(Almost) all leaders need a coach

(Almost) all leaders need a coach

I have enjoyed significant personal transformation over the past two years.  I am often asked how I have changed, but that’s just it, I haven’t.  I did stop being things that I am not.  About a year ago I found myself sitting in front of 50 coaches.  I had volunteered to be coached and wanted to discuss being comfortable showing up as the ‘real you’ in all situations, after several years of playing other roles and characters.  

My coach asked me about the changes I had experienced.  I explained that when you have a robust daily practice and focus on intense personal development work you uncover leadership powers you didn’t know you had.  She interrupted me.  She asked why I spoke about this development work using the third person.  Hmm, not sure.  She asked me to explain it again using personal pronouns.  I couldn’t.  It was as if she asked me to tell the story in Mandarin.  From that moment, I truly appreciated the power of coaching.

Who needs a coach?

In short, I think all leaders do.  Leaders who work with executive coaches note improved self-confidence, improved work/life balance and the benefit of an unbiased perspective.  These experiences line up with my client feedback.  People usually find tremendous benefit in simply having a safe, dedicated space to explore topics on a deeper level.  The coach supports that exploration with subtle prompts and powerful questions.  If I replaced the word ‘coach’, I’d ask you “who needs a capable, compassionate human being who listens intently, provokes thought and is 100% focused on helping them create deeper awareness and make clearer decisions?”  Who doesn’t?

Strong leaders make excellent coachees

Coaching is a partnership between a coach and a coachee.  Coachees require vulnerability, self-awareness and a learning mindset to truly benefit from coaching.  These traits also underpin effective leadership.  If a leader is unwilling to be vulnerable, has limited self-awareness and is firmly set in their ways it will be difficult to provide coaching.  Frankly, I am also curious about how effective they are as a leader.  Leaders who are not open to coaching should save their time and money.  ‘Almost’ all leaders need a coach.  

Coaching really helps in transitions

Navigating periods of transition effectively is a challenging aspect of a leader’s journey. Whether it’s a new promotion, a new assignment or a new company.  Perhaps it’s a major organizational change or significant shift in market reality.   While transition often creates anxiety, it also provides fertile ground for coaching and development.  As a Chief Operating Officer and internal coach, a primary area of focus is supporting employees in the transition to Director or Vice President.  This requires a major shift from directly managing or contributing to tactical execution, to leading people and developing strategies for the team.  The skills that supported tactical execution are less relevant as a leader.  The transition intensifies as leaders enter the C-suite for the first time.  A capable coach with relevant experience is an incredible ally in your leadership journey.

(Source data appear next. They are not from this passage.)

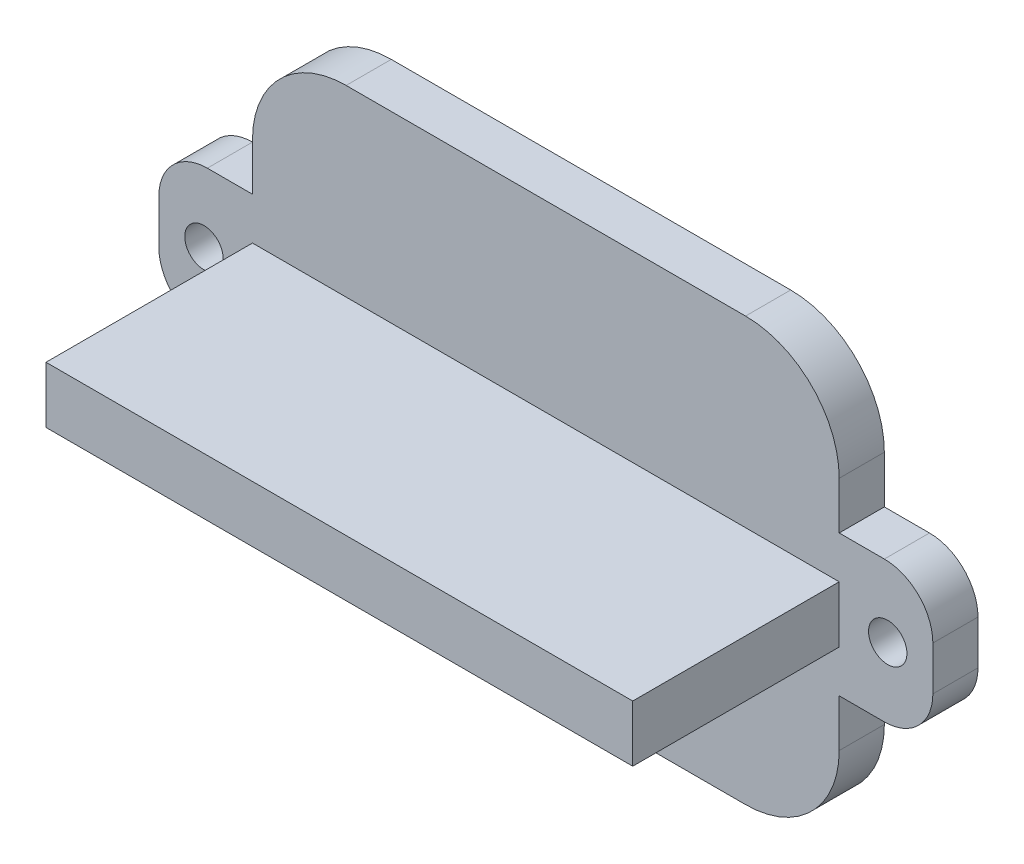
ISO-10303-21;
HEADER;
FILE_DESCRIPTION(('STEP AP214'),'2;1');
FILE_NAME('part.step','',(''),(''),'','','');
FILE_SCHEMA(('AUTOMOTIVE_DESIGN { 1 0 10303 214 1 1 1 1 }'));
ENDSEC;
DATA;
#1=APPLICATION_CONTEXT('core data for automotive mechanical design processes');
#2=APPLICATION_PROTOCOL_DEFINITION('international standard','automotive_design',2000,#1);
#3=PRODUCT_CONTEXT('',#1,'mechanical');
#4=PRODUCT('Part','Part','',(#3));
#5=PRODUCT_RELATED_PRODUCT_CATEGORY('part','',(#4));
#6=PRODUCT_DEFINITION_FORMATION('','',#4);
#7=PRODUCT_DEFINITION_CONTEXT('part definition',#1,'design');
#8=PRODUCT_DEFINITION('design','',#6,#7);
#9=PRODUCT_DEFINITION_SHAPE('','',#8);
#10=(LENGTH_UNIT() NAMED_UNIT(*) SI_UNIT(.MILLI.,.METRE.));
#11=(NAMED_UNIT(*) PLANE_ANGLE_UNIT() SI_UNIT($,.RADIAN.));
#12=(NAMED_UNIT(*) SI_UNIT($,.STERADIAN.) SOLID_ANGLE_UNIT());
#13=UNCERTAINTY_MEASURE_WITH_UNIT(LENGTH_MEASURE(1.E-05),#10,'distance_accuracy_value','');
#14=(GEOMETRIC_REPRESENTATION_CONTEXT(3) GLOBAL_UNCERTAINTY_ASSIGNED_CONTEXT((#13)) GLOBAL_UNIT_ASSIGNED_CONTEXT((#10,
#11,#12)) REPRESENTATION_CONTEXT('',''));
#15=CARTESIAN_POINT('',(0.,0.,0.));
#16=DIRECTION('',(0.,0.,1.));
#17=DIRECTION('',(1.,0.,0.));
#18=AXIS2_PLACEMENT_3D('',#15,#16,#17);
#19=CARTESIAN_POINT('',(0.,0.,2.));
#20=DIRECTION('',(0.,0.,1.));
#21=DIRECTION('',(1.,0.,0.));
#22=AXIS2_PLACEMENT_3D('',#19,#20,#21);
#23=PLANE('',#22);
#24=DIRECTION('',(-1.,0.,0.));
#25=VECTOR('',#24,1.);
#26=CARTESIAN_POINT('',(0.,-9.375,2.));
#27=LINE('',#26,#25);
#28=CARTESIAN_POINT('',(8.84999999999998,-9.375,2.));
#29=VERTEX_POINT('',#28);
#30=CARTESIAN_POINT('',(-8.84999999999997,-9.375,2.));
#31=VERTEX_POINT('',#30);
#32=EDGE_CURVE('E250',#29,#31,#27,.T.);
#33=ORIENTED_EDGE('',*,*,#32,.F.);
#34=CARTESIAN_POINT('',(8.85,-5.225,2.));
#35=DIRECTION('',(0.,0.,1.));
#36=DIRECTION('',(1.,0.,0.));
#37=AXIS2_PLACEMENT_3D('',#34,#35,#36);
#38=CIRCLE('',#37,4.15);
#39=CARTESIAN_POINT('',(13.,-5.22499999999997,2.));
#40=VERTEX_POINT('',#39);
#41=EDGE_CURVE('E248',#29,#40,#38,.T.);
#42=ORIENTED_EDGE('',*,*,#41,.T.);
#43=DIRECTION('',(0.,1.,0.));
#44=VECTOR('',#43,1.);
#45=CARTESIAN_POINT('',(13.,0.,2.));
#46=LINE('',#45,#44);
#47=CARTESIAN_POINT('',(13.,-3.125,2.));
#48=VERTEX_POINT('',#47);
#49=EDGE_CURVE('E246',#40,#48,#46,.T.);
#50=ORIENTED_EDGE('',*,*,#49,.T.);
#51=DIRECTION('',(-1.,0.,0.));
#52=VECTOR('',#51,1.);
#53=CARTESIAN_POINT('',(0.,-3.125,2.));
#54=LINE('',#53,#52);
#55=CARTESIAN_POINT('',(15.,-3.125,2.));
#56=VERTEX_POINT('',#55);
#57=EDGE_CURVE('E243',#56,#48,#54,.T.);
#58=ORIENTED_EDGE('',*,*,#57,.F.);
#59=CARTESIAN_POINT('',(15.,-0.974999999999999,2.));
#60=DIRECTION('',(0.,0.,1.));
#61=DIRECTION('',(1.,0.,0.));
#62=AXIS2_PLACEMENT_3D('',#59,#60,#61);
#63=CIRCLE('',#62,2.15);
#64=CARTESIAN_POINT('',(17.15,-0.974999999999984,2.));
#65=VERTEX_POINT('',#64);
#66=EDGE_CURVE('E241',#56,#65,#63,.T.);
#67=ORIENTED_EDGE('',*,*,#66,.T.);
#68=DIRECTION('',(0.,1.,0.));
#69=VECTOR('',#68,1.);
#70=CARTESIAN_POINT('',(17.15,0.,2.));
#71=LINE('',#70,#69);
#72=CARTESIAN_POINT('',(17.15,0.974999999999984,2.));
#73=VERTEX_POINT('',#72);
#74=EDGE_CURVE('E239',#65,#73,#71,.T.);
#75=ORIENTED_EDGE('',*,*,#74,.T.);
#76=CARTESIAN_POINT('',(15.,0.975,2.));
#77=DIRECTION('',(0.,0.,1.));
#78=DIRECTION('',(1.,0.,0.));
#79=AXIS2_PLACEMENT_3D('',#76,#77,#78);
#80=CIRCLE('',#79,2.15);
#81=CARTESIAN_POINT('',(15.,3.125,2.));
#82=VERTEX_POINT('',#81);
#83=EDGE_CURVE('E237',#73,#82,#80,.T.);
#84=ORIENTED_EDGE('',*,*,#83,.T.);
#85=DIRECTION('',(-1.,0.,0.));
#86=VECTOR('',#85,1.);
#87=CARTESIAN_POINT('',(0.,3.125,2.));
#88=LINE('',#87,#86);
#89=CARTESIAN_POINT('',(13.,3.125,2.));
#90=VERTEX_POINT('',#89);
#91=EDGE_CURVE('E235',#82,#90,#88,.T.);
#92=ORIENTED_EDGE('',*,*,#91,.T.);
#93=CARTESIAN_POINT('',(13.,5.22499999999997,2.));
#94=VERTEX_POINT('',#93);
#95=EDGE_CURVE('E234',#90,#94,#46,.T.);
#96=ORIENTED_EDGE('',*,*,#95,.T.);
#97=CARTESIAN_POINT('',(8.85,5.225,2.));
#98=DIRECTION('',(0.,0.,1.));
#99=DIRECTION('',(1.,0.,0.));
#100=AXIS2_PLACEMENT_3D('',#97,#98,#99);
#101=CIRCLE('',#100,4.15);
#102=CARTESIAN_POINT('',(8.84999999999998,9.375,2.));
#103=VERTEX_POINT('',#102);
#104=EDGE_CURVE('E230',#94,#103,#101,.T.);
#105=ORIENTED_EDGE('',*,*,#104,.T.);
#106=DIRECTION('',(-1.,0.,0.));
#107=VECTOR('',#106,1.);
#108=CARTESIAN_POINT('',(0.,9.375,2.));
#109=LINE('',#108,#107);
#110=CARTESIAN_POINT('',(-8.84999999999997,9.375,2.));
#111=VERTEX_POINT('',#110);
#112=EDGE_CURVE('E227',#103,#111,#109,.T.);
#113=ORIENTED_EDGE('',*,*,#112,.T.);
#114=CARTESIAN_POINT('',(-8.84999999999999,5.225,2.));
#115=DIRECTION('',(0.,0.,1.));
#116=DIRECTION('',(1.,0.,0.));
#117=AXIS2_PLACEMENT_3D('',#114,#115,#116);
#118=CIRCLE('',#117,4.15);
#119=CARTESIAN_POINT('',(-13.,5.22499999999997,2.));
#120=VERTEX_POINT('',#119);
#121=EDGE_CURVE('E222',#120,#111,#118,.F.);
#122=ORIENTED_EDGE('',*,*,#121,.F.);
#123=DIRECTION('',(0.,1.,0.));
#124=VECTOR('',#123,1.);
#125=CARTESIAN_POINT('',(-13.,0.,2.));
#126=LINE('',#125,#124);
#127=CARTESIAN_POINT('',(-13.,3.125,2.));
#128=VERTEX_POINT('',#127);
#129=EDGE_CURVE('E215',#128,#120,#126,.T.);
#130=ORIENTED_EDGE('',*,*,#129,.F.);
#131=DIRECTION('',(-1.,0.,0.));
#132=VECTOR('',#131,1.);
#133=CARTESIAN_POINT('',(0.,3.125,2.));
#134=LINE('',#133,#132);
#135=CARTESIAN_POINT('',(-15.,3.125,2.));
#136=VERTEX_POINT('',#135);
#137=EDGE_CURVE('E221',#128,#136,#134,.T.);
#138=ORIENTED_EDGE('',*,*,#137,.T.);
#139=CARTESIAN_POINT('',(-15.,0.975,2.));
#140=DIRECTION('',(0.,0.,1.));
#141=DIRECTION('',(1.,0.,0.));
#142=AXIS2_PLACEMENT_3D('',#139,#140,#141);
#143=CIRCLE('',#142,2.15);
#144=CARTESIAN_POINT('',(-17.15,0.974999999999985,2.));
#145=VERTEX_POINT('',#144);
#146=EDGE_CURVE('E225',#136,#145,#143,.T.);
#147=ORIENTED_EDGE('',*,*,#146,.T.);
#148=DIRECTION('',(0.,1.,0.));
#149=VECTOR('',#148,1.);
#150=CARTESIAN_POINT('',(-17.15,0.,2.));
#151=LINE('',#150,#149);
#152=CARTESIAN_POINT('',(-17.15,-0.974999999999984,2.));
#153=VERTEX_POINT('',#152);
#154=EDGE_CURVE('E520',#153,#145,#151,.T.);
#155=ORIENTED_EDGE('',*,*,#154,.F.);
#156=CARTESIAN_POINT('',(-15.,-0.974999999999999,2.));
#157=DIRECTION('',(0.,0.,1.));
#158=DIRECTION('',(1.,0.,0.));
#159=AXIS2_PLACEMENT_3D('',#156,#157,#158);
#160=CIRCLE('',#159,2.15);
#161=CARTESIAN_POINT('',(-15.,-3.125,2.));
#162=VERTEX_POINT('',#161);
#163=EDGE_CURVE('E210',#162,#153,#160,.F.);
#164=ORIENTED_EDGE('',*,*,#163,.F.);
#165=DIRECTION('',(-1.,0.,0.));
#166=VECTOR('',#165,1.);
#167=CARTESIAN_POINT('',(0.,-3.125,2.));
#168=LINE('',#167,#166);
#169=CARTESIAN_POINT('',(-13.,-3.125,2.));
#170=VERTEX_POINT('',#169);
#171=EDGE_CURVE('E191',#170,#162,#168,.T.);
#172=ORIENTED_EDGE('',*,*,#171,.F.);
#173=CARTESIAN_POINT('',(-13.,-5.22499999999997,2.));
#174=VERTEX_POINT('',#173);
#175=EDGE_CURVE('E207',#174,#170,#126,.T.);
#176=ORIENTED_EDGE('',*,*,#175,.F.);
#177=CARTESIAN_POINT('',(-8.84999999999999,-5.225,2.));
#178=DIRECTION('',(0.,0.,1.));
#179=DIRECTION('',(1.,0.,0.));
#180=AXIS2_PLACEMENT_3D('',#177,#178,#179);
#181=CIRCLE('',#180,4.15);
#182=EDGE_CURVE('E213',#31,#174,#181,.F.);
#183=ORIENTED_EDGE('',*,*,#182,.F.);
#184=EDGE_LOOP('',(#33,#42,#50,#58,#67,#75,#84,#92,#96,#105,#113,#122,#130,#138,#147,#155,#164,
#172,#176,#183));
#185=FACE_BOUND('',#184,.T.);
#186=CARTESIAN_POINT('',(-15.15,0.,2.));
#187=DIRECTION('',(0.,0.,1.));
#188=DIRECTION('',(1.,0.,0.));
#189=AXIS2_PLACEMENT_3D('',#186,#187,#188);
#190=CIRCLE('',#189,0.850000000000011);
#191=CARTESIAN_POINT('',(-14.3,0.,2.));
#192=VERTEX_POINT('',#191);
#193=EDGE_CURVE('E216',#192,#192,#190,.T.);
#194=ORIENTED_EDGE('',*,*,#193,.F.);
#195=EDGE_LOOP('',(#194));
#196=FACE_BOUND('',#195,.T.);
#197=CARTESIAN_POINT('',(15.15,0.,2.));
#198=DIRECTION('',(0.,0.,1.));
#199=DIRECTION('',(1.,0.,0.));
#200=AXIS2_PLACEMENT_3D('',#197,#198,#199);
#201=CIRCLE('',#200,0.850000000000002);
#202=CARTESIAN_POINT('',(16.,0.,2.));
#203=VERTEX_POINT('',#202);
#204=EDGE_CURVE('E477',#203,#203,#201,.T.);
#205=ORIENTED_EDGE('',*,*,#204,.F.);
#206=EDGE_LOOP('',(#205));
#207=FACE_BOUND('',#206,.T.);
#208=DIRECTION('',(-1.,0.,0.));
#209=VECTOR('',#208,1.);
#210=CARTESIAN_POINT('',(0.,-1.2516224002639,2.));
#211=LINE('',#210,#209);
#212=CARTESIAN_POINT('',(13.,-1.2516224002639,2.));
#213=VERTEX_POINT('',#212);
#214=CARTESIAN_POINT('',(-13.,-1.2516224002639,2.));
#215=VERTEX_POINT('',#214);
#216=EDGE_CURVE('E257',#213,#215,#211,.T.);
#217=ORIENTED_EDGE('',*,*,#216,.T.);
#218=DIRECTION('',(0.,1.,0.));
#219=VECTOR('',#218,1.);
#220=CARTESIAN_POINT('',(-13.,0.,2.));
#221=LINE('',#220,#219);
#222=CARTESIAN_POINT('',(-13.,1.2516224002639,2.));
#223=VERTEX_POINT('',#222);
#224=EDGE_CURVE('E253',#215,#223,#221,.T.);
#225=ORIENTED_EDGE('',*,*,#224,.T.);
#226=DIRECTION('',(1.,0.,0.));
#227=VECTOR('',#226,1.);
#228=CARTESIAN_POINT('',(0.,1.2516224002639,2.));
#229=LINE('',#228,#227);
#230=CARTESIAN_POINT('',(13.,1.2516224002639,2.));
#231=VERTEX_POINT('',#230);
#232=EDGE_CURVE('E263',#223,#231,#229,.T.);
#233=ORIENTED_EDGE('',*,*,#232,.T.);
#234=DIRECTION('',(0.,-1.,0.));
#235=VECTOR('',#234,1.);
#236=CARTESIAN_POINT('',(13.,0.,2.));
#237=LINE('',#236,#235);
#238=EDGE_CURVE('E260',#231,#213,#237,.T.);
#239=ORIENTED_EDGE('',*,*,#238,.T.);
#240=EDGE_LOOP('',(#217,#225,#233,#239));
#241=FACE_BOUND('',#240,.T.);
#242=ADVANCED_FACE('F39',(#185,#196,#207,#241),#23,.T.);
#243=CARTESIAN_POINT('',(0.,-9.375,2.));
#244=DIRECTION('',(0.,-1.,0.));
#245=DIRECTION('',(1.,0.,0.));
#246=AXIS2_PLACEMENT_3D('',#243,#244,#245);
#247=PLANE('',#246);
#248=DIRECTION('',(-1.,0.,0.));
#249=VECTOR('',#248,1.);
#250=CARTESIAN_POINT('',(0.,-9.375,0.));
#251=LINE('',#250,#249);
#252=CARTESIAN_POINT('',(8.84999999999998,-9.375,0.));
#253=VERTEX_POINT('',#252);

So, what’s different today from when I was sitting in front of the 50 coaches?

My coach was able to stop me in my tracks, provoke thought and ask a powerful question from a place of support.  That is what great coaches do.  As I reflected on this experience, conducted research and sought the counsel of my teachers, it became clear that my development work had expanded my sense of self.  When I speak from a contemplative or philosophical space, I use a broader definition of self that includes others.  As a leader, it has been incredibly helpful to gain awareness of a deepened capacity for empathy and compassion.  Thanks coach!